PROBLEM REQUIREMENTS: Repeat the listing verbatim. Drop any pictures.

RECORDS FOR THE TASK:

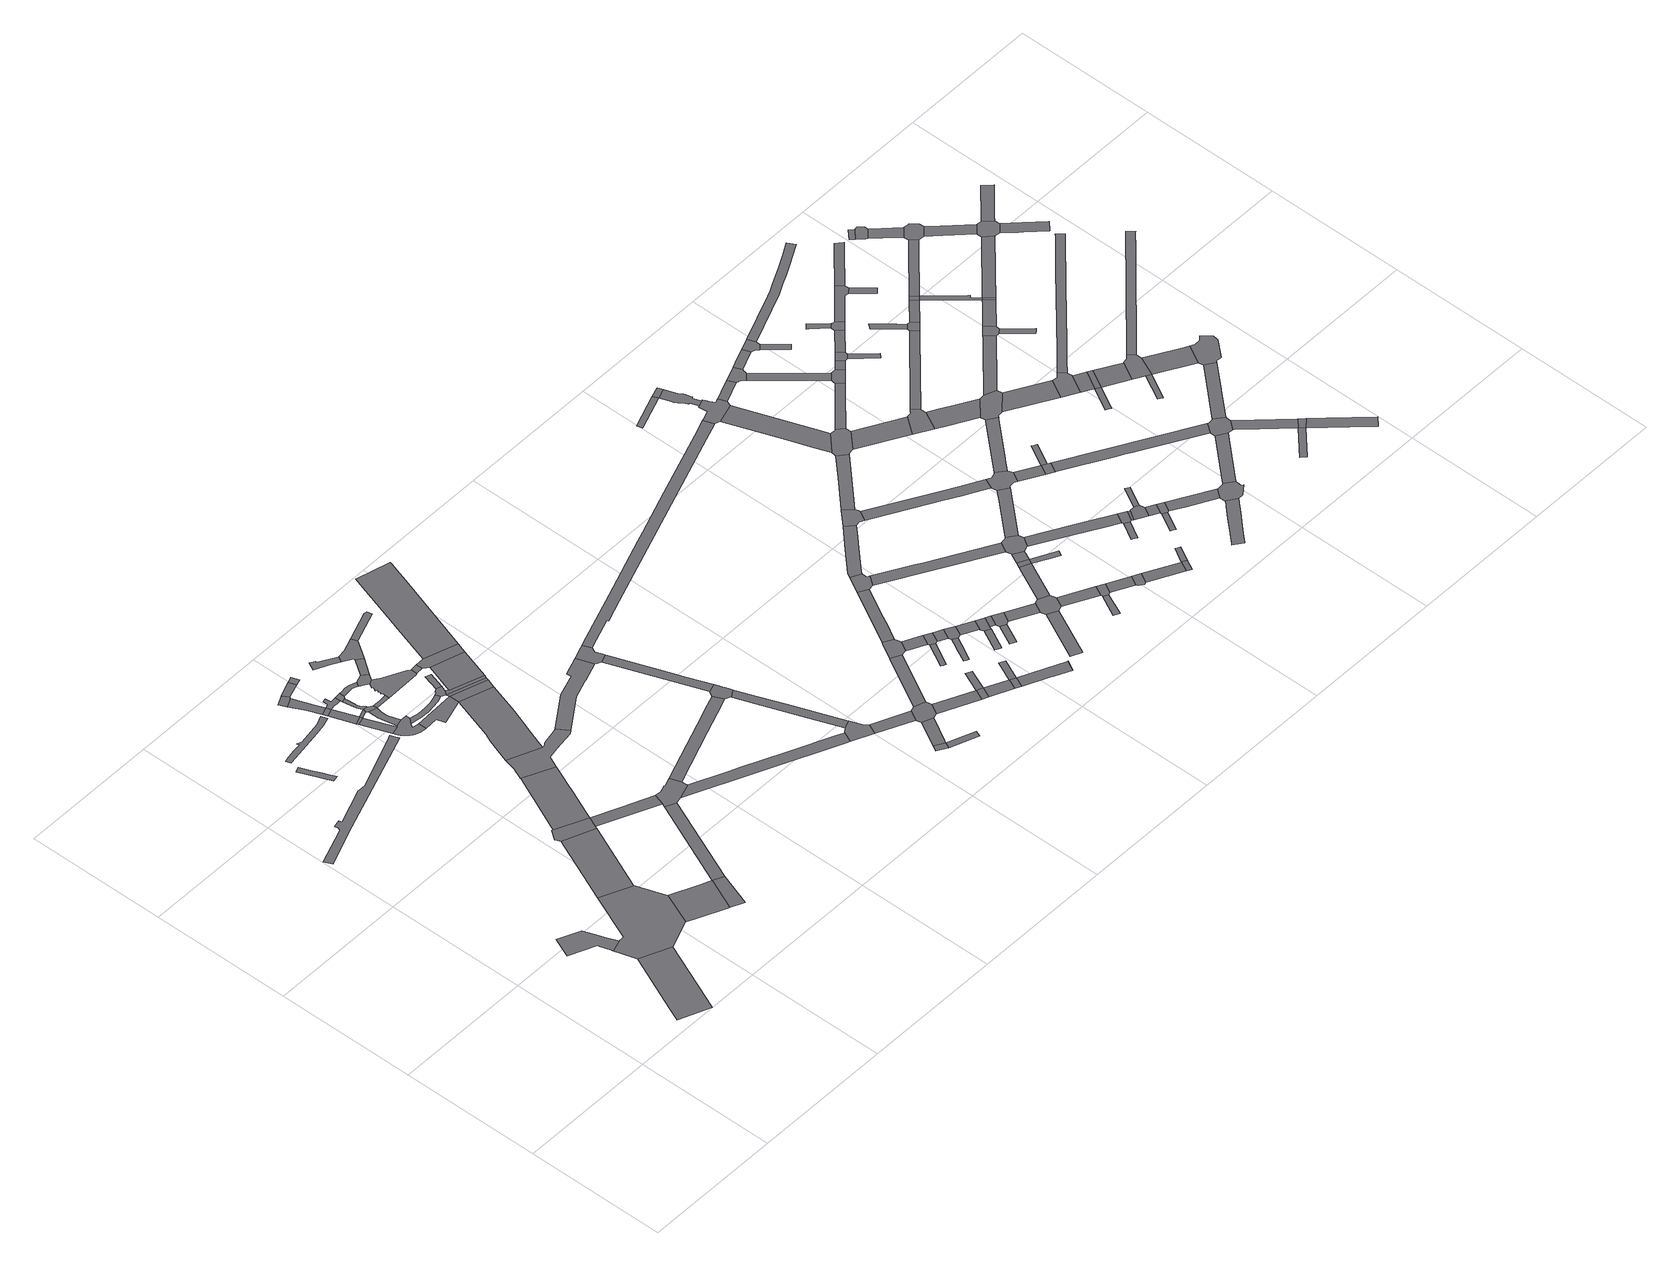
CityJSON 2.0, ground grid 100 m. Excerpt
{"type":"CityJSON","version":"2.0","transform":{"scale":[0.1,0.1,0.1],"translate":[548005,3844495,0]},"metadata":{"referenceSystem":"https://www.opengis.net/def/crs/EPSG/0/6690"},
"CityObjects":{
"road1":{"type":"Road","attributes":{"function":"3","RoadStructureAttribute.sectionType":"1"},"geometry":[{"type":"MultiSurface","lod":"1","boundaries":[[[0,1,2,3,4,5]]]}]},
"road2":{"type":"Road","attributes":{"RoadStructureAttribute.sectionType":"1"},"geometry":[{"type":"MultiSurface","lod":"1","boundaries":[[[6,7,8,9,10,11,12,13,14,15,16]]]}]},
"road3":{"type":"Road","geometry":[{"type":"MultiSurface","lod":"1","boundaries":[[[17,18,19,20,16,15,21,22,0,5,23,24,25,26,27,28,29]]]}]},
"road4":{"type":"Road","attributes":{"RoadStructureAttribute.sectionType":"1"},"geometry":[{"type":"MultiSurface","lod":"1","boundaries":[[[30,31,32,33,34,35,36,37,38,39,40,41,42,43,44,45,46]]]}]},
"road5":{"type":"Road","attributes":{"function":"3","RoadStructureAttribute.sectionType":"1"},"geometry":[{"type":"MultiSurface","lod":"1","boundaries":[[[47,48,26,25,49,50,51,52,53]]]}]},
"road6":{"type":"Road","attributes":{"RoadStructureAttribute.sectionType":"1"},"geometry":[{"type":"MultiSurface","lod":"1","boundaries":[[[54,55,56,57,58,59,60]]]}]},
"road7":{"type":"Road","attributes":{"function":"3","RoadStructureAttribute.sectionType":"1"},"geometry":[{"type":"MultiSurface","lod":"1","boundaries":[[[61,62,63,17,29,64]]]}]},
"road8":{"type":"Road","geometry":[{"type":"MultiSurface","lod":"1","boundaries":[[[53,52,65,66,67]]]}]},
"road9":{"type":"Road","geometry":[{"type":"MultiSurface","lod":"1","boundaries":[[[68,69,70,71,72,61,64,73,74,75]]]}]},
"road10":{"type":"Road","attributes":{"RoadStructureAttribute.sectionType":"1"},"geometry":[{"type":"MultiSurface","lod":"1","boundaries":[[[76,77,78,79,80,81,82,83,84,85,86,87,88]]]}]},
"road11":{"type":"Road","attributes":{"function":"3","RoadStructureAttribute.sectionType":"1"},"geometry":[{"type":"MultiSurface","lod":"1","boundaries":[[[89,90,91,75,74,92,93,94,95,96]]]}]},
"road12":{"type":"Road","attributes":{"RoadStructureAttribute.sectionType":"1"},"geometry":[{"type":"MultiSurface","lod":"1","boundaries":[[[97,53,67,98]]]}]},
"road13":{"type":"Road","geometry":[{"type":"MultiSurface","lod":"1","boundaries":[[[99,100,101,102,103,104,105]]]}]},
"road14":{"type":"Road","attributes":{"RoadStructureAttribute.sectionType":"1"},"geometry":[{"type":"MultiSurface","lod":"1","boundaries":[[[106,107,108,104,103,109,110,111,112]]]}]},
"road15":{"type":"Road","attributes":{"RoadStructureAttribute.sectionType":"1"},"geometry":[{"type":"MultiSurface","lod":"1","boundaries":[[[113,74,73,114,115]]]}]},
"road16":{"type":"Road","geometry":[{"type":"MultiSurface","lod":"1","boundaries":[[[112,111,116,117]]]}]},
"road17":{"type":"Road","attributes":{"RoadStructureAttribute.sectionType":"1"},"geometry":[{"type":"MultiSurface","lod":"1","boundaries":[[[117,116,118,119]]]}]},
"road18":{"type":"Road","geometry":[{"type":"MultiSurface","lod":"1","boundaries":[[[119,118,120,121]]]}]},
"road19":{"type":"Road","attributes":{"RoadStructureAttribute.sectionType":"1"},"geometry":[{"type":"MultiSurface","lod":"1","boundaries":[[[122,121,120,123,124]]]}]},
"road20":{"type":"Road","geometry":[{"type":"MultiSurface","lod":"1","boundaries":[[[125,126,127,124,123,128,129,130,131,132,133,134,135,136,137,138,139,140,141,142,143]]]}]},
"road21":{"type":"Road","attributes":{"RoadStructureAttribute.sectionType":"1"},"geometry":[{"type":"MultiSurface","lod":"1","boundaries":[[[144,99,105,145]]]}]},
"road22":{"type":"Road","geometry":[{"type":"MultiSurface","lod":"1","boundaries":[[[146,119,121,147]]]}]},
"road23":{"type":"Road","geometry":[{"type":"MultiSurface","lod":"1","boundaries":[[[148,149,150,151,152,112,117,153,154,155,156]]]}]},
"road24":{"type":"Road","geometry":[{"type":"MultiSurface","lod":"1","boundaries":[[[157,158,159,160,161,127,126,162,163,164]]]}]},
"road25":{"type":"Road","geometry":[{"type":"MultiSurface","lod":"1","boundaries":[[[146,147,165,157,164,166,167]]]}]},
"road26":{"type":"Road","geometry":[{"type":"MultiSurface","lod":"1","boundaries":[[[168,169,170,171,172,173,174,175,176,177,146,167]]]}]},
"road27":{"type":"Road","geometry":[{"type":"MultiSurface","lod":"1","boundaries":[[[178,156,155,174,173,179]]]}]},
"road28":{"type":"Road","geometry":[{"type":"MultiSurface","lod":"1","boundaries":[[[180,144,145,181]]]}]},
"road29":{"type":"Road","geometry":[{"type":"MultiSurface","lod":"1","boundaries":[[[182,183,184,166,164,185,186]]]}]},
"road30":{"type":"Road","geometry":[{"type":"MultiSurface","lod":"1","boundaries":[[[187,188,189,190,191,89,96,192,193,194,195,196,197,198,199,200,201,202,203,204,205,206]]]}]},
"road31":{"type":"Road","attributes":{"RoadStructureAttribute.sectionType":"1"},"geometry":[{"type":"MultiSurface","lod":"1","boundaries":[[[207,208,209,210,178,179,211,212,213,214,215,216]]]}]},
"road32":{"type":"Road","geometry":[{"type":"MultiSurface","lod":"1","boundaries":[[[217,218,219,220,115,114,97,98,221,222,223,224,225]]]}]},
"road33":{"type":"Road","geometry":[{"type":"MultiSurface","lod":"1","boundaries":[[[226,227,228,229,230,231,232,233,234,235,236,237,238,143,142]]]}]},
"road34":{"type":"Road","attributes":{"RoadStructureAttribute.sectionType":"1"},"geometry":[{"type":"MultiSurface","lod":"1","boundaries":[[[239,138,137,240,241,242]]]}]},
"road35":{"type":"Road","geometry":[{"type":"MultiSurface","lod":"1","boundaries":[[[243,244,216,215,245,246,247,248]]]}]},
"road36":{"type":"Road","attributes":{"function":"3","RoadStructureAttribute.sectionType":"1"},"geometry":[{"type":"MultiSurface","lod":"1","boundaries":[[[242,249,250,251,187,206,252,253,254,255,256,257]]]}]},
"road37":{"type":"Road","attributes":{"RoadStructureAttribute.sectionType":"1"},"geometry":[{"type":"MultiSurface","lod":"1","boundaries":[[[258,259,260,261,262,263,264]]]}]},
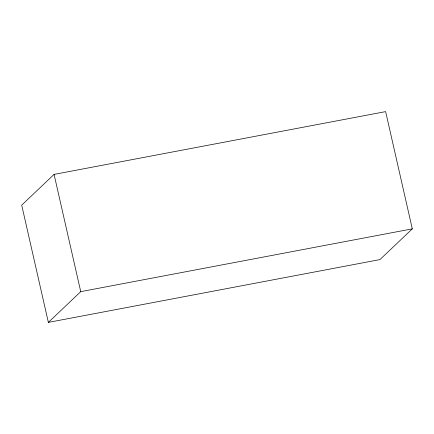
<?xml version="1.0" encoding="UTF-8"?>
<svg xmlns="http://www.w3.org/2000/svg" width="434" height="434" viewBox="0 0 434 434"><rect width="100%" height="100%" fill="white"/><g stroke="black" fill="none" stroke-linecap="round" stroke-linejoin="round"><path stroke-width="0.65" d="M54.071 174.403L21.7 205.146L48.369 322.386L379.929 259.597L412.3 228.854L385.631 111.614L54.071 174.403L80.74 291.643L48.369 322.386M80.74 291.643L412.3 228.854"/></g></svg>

TASK RESULT:
CityJSON 2.0, ground grid 100 m. Excerpt
{"type":"CityJSON","version":"2.0","transform":{"scale":[0.1,0.1,0.1],"translate":[548005,3844495,0]},"metadata":{"referenceSystem":"https://www.opengis.net/def/crs/EPSG/0/6690"},
"CityObjects":{
"road1":{"type":"Road","attributes":{"function":"3","RoadStructureAttribute.sectionType":"1"},"geometry":[{"type":"MultiSurface","lod":"1","boundaries":[[[0,1,2,3,4,5]]]}]},
"road2":{"type":"Road","attributes":{"RoadStructureAttribute.sectionType":"1"},"geometry":[{"type":"MultiSurface","lod":"1","boundaries":[[[6,7,8,9,10,11,12,13,14,15,16]]]}]},
"road3":{"type":"Road","geometry":[{"type":"MultiSurface","lod":"1","boundaries":[[[17,18,19,20,16,15,21,22,0,5,23,24,25,26,27,28,29]]]}]},
"road4":{"type":"Road","attributes":{"RoadStructureAttribute.sectionType":"1"},"geometry":[{"type":"MultiSurface","lod":"1","boundaries":[[[30,31,32,33,34,35,36,37,38,39,40,41,42,43,44,45,46]]]}]},
"road5":{"type":"Road","attributes":{"function":"3","RoadStructureAttribute.sectionType":"1"},"geometry":[{"type":"MultiSurface","lod":"1","boundaries":[[[47,48,26,25,49,50,51,52,53]]]}]},
"road6":{"type":"Road","attributes":{"RoadStructureAttribute.sectionType":"1"},"geometry":[{"type":"MultiSurface","lod":"1","boundaries":[[[54,55,56,57,58,59,60]]]}]},
"road7":{"type":"Road","attributes":{"function":"3","RoadStructureAttribute.sectionType":"1"},"geometry":[{"type":"MultiSurface","lod":"1","boundaries":[[[61,62,63,17,29,64]]]}]},
"road8":{"type":"Road","geometry":[{"type":"MultiSurface","lod":"1","boundaries":[[[53,52,65,66,67]]]}]},
"road9":{"type":"Road","geometry":[{"type":"MultiSurface","lod":"1","boundaries":[[[68,69,70,71,72,61,64,73,74,75]]]}]},
"road10":{"type":"Road","attributes":{"RoadStructureAttribute.sectionType":"1"},"geometry":[{"type":"MultiSurface","lod":"1","boundaries":[[[76,77,78,79,80,81,82,83,84,85,86,87,88]]]}]},
"road11":{"type":"Road","attributes":{"function":"3","RoadStructureAttribute.sectionType":"1"},"geometry":[{"type":"MultiSurface","lod":"1","boundaries":[[[89,90,91,75,74,92,93,94,95,96]]]}]},
"road12":{"type":"Road","attributes":{"RoadStructureAttribute.sectionType":"1"},"geometry":[{"type":"MultiSurface","lod":"1","boundaries":[[[97,53,67,98]]]}]},
"road13":{"type":"Road","geometry":[{"type":"MultiSurface","lod":"1","boundaries":[[[99,100,101,102,103,104,105]]]}]},
"road14":{"type":"Road","attributes":{"RoadStructureAttribute.sectionType":"1"},"geometry":[{"type":"MultiSurface","lod":"1","boundaries":[[[106,107,108,104,103,109,110,111,112]]]}]},
"road15":{"type":"Road","attributes":{"RoadStructureAttribute.sectionType":"1"},"geometry":[{"type":"MultiSurface","lod":"1","boundaries":[[[113,74,73,114,115]]]}]},
"road16":{"type":"Road","geometry":[{"type":"MultiSurface","lod":"1","boundaries":[[[112,111,116,117]]]}]},
"road17":{"type":"Road","attributes":{"RoadStructureAttribute.sectionType":"1"},"geometry":[{"type":"MultiSurface","lod":"1","boundaries":[[[117,116,118,119]]]}]},
"road18":{"type":"Road","geometry":[{"type":"MultiSurface","lod":"1","boundaries":[[[119,118,120,121]]]}]},
"road19":{"type":"Road","attributes":{"RoadStructureAttribute.sectionType":"1"},"geometry":[{"type":"MultiSurface","lod":"1","boundaries":[[[122,121,120,123,124]]]}]},
"road20":{"type":"Road","geometry":[{"type":"MultiSurface","lod":"1","boundaries":[[[125,126,127,124,123,128,129,130,131,132,133,134,135,136,137,138,139,140,141,142,143]]]}]},
"road21":{"type":"Road","attributes":{"RoadStructureAttribute.sectionType":"1"},"geometry":[{"type":"MultiSurface","lod":"1","boundaries":[[[144,99,105,145]]]}]},
"road22":{"type":"Road","geometry":[{"type":"MultiSurface","lod":"1","boundaries":[[[146,119,121,147]]]}]},
"road23":{"type":"Road","geometry":[{"type":"MultiSurface","lod":"1","boundaries":[[[148,149,150,151,152,112,117,153,154,155,156]]]}]},
"road24":{"type":"Road","geometry":[{"type":"MultiSurface","lod":"1","boundaries":[[[157,158,159,160,161,127,126,162,163,164]]]}]},
"road25":{"type":"Road","geometry":[{"type":"MultiSurface","lod":"1","boundaries":[[[146,147,165,157,164,166,167]]]}]},
"road26":{"type":"Road","geometry":[{"type":"MultiSurface","lod":"1","boundaries":[[[168,169,170,171,172,173,174,175,176,177,146,167]]]}]},
"road27":{"type":"Road","geometry":[{"type":"MultiSurface","lod":"1","boundaries":[[[178,156,155,174,173,179]]]}]},
"road28":{"type":"Road","geometry":[{"type":"MultiSurface","lod":"1","boundaries":[[[180,144,145,181]]]}]},
"road29":{"type":"Road","geometry":[{"type":"MultiSurface","lod":"1","boundaries":[[[182,183,184,166,164,185,186]]]}]},
"road30":{"type":"Road","geometry":[{"type":"MultiSurface","lod":"1","boundaries":[[[187,188,189,190,191,89,96,192,193,194,195,196,197,198,199,200,201,202,203,204,205,206]]]}]},
"road31":{"type":"Road","attributes":{"RoadStructureAttribute.sectionType":"1"},"geometry":[{"type":"MultiSurface","lod":"1","boundaries":[[[207,208,209,210,178,179,211,212,213,214,215,216]]]}]},
"road32":{"type":"Road","geometry":[{"type":"MultiSurface","lod":"1","boundaries":[[[217,218,219,220,115,114,97,98,221,222,223,224,225]]]}]},
"road33":{"type":"Road","geometry":[{"type":"MultiSurface","lod":"1","boundaries":[[[226,227,228,229,230,231,232,233,234,235,236,237,238,143,142]]]}]},
"road34":{"type":"Road","attributes":{"RoadStructureAttribute.sectionType":"1"},"geometry":[{"type":"MultiSurface","lod":"1","boundaries":[[[239,138,137,240,241,242]]]}]},
"road35":{"type":"Road","geometry":[{"type":"MultiSurface","lod":"1","boundaries":[[[243,244,216,215,245,246,247,248]]]}]},
"road36":{"type":"Road","attributes":{"function":"3","RoadStructureAttribute.sectionType":"1"},"geometry":[{"type":"MultiSurface","lod":"1","boundaries":[[[242,249,250,251,187,206,252,253,254,255,256,257]]]}]},
"road37":{"type":"Road","attributes":{"RoadStructureAttribute.sectionType":"1"},"geometry":[{"type":"MultiSurface","lod":"1","boundaries":[[[258,259,260,261,262,263,264]]]}]},
<?xml version="1.0" encoding="UTF-8"?>
<svg xmlns="http://www.w3.org/2000/svg" width="434" height="434" viewBox="0 0 434 434"><rect width="100%" height="100%" fill="white"/><g stroke="black" fill="none" stroke-linecap="round" stroke-linejoin="round"><path stroke-width="0.65" d="M54.071 174.403L21.7 205.146L48.369 322.386L379.929 259.597L412.3 228.854L385.631 111.614L54.071 174.403L80.74 291.643L48.369 322.386M80.74 291.643L412.3 228.854"/></g></svg>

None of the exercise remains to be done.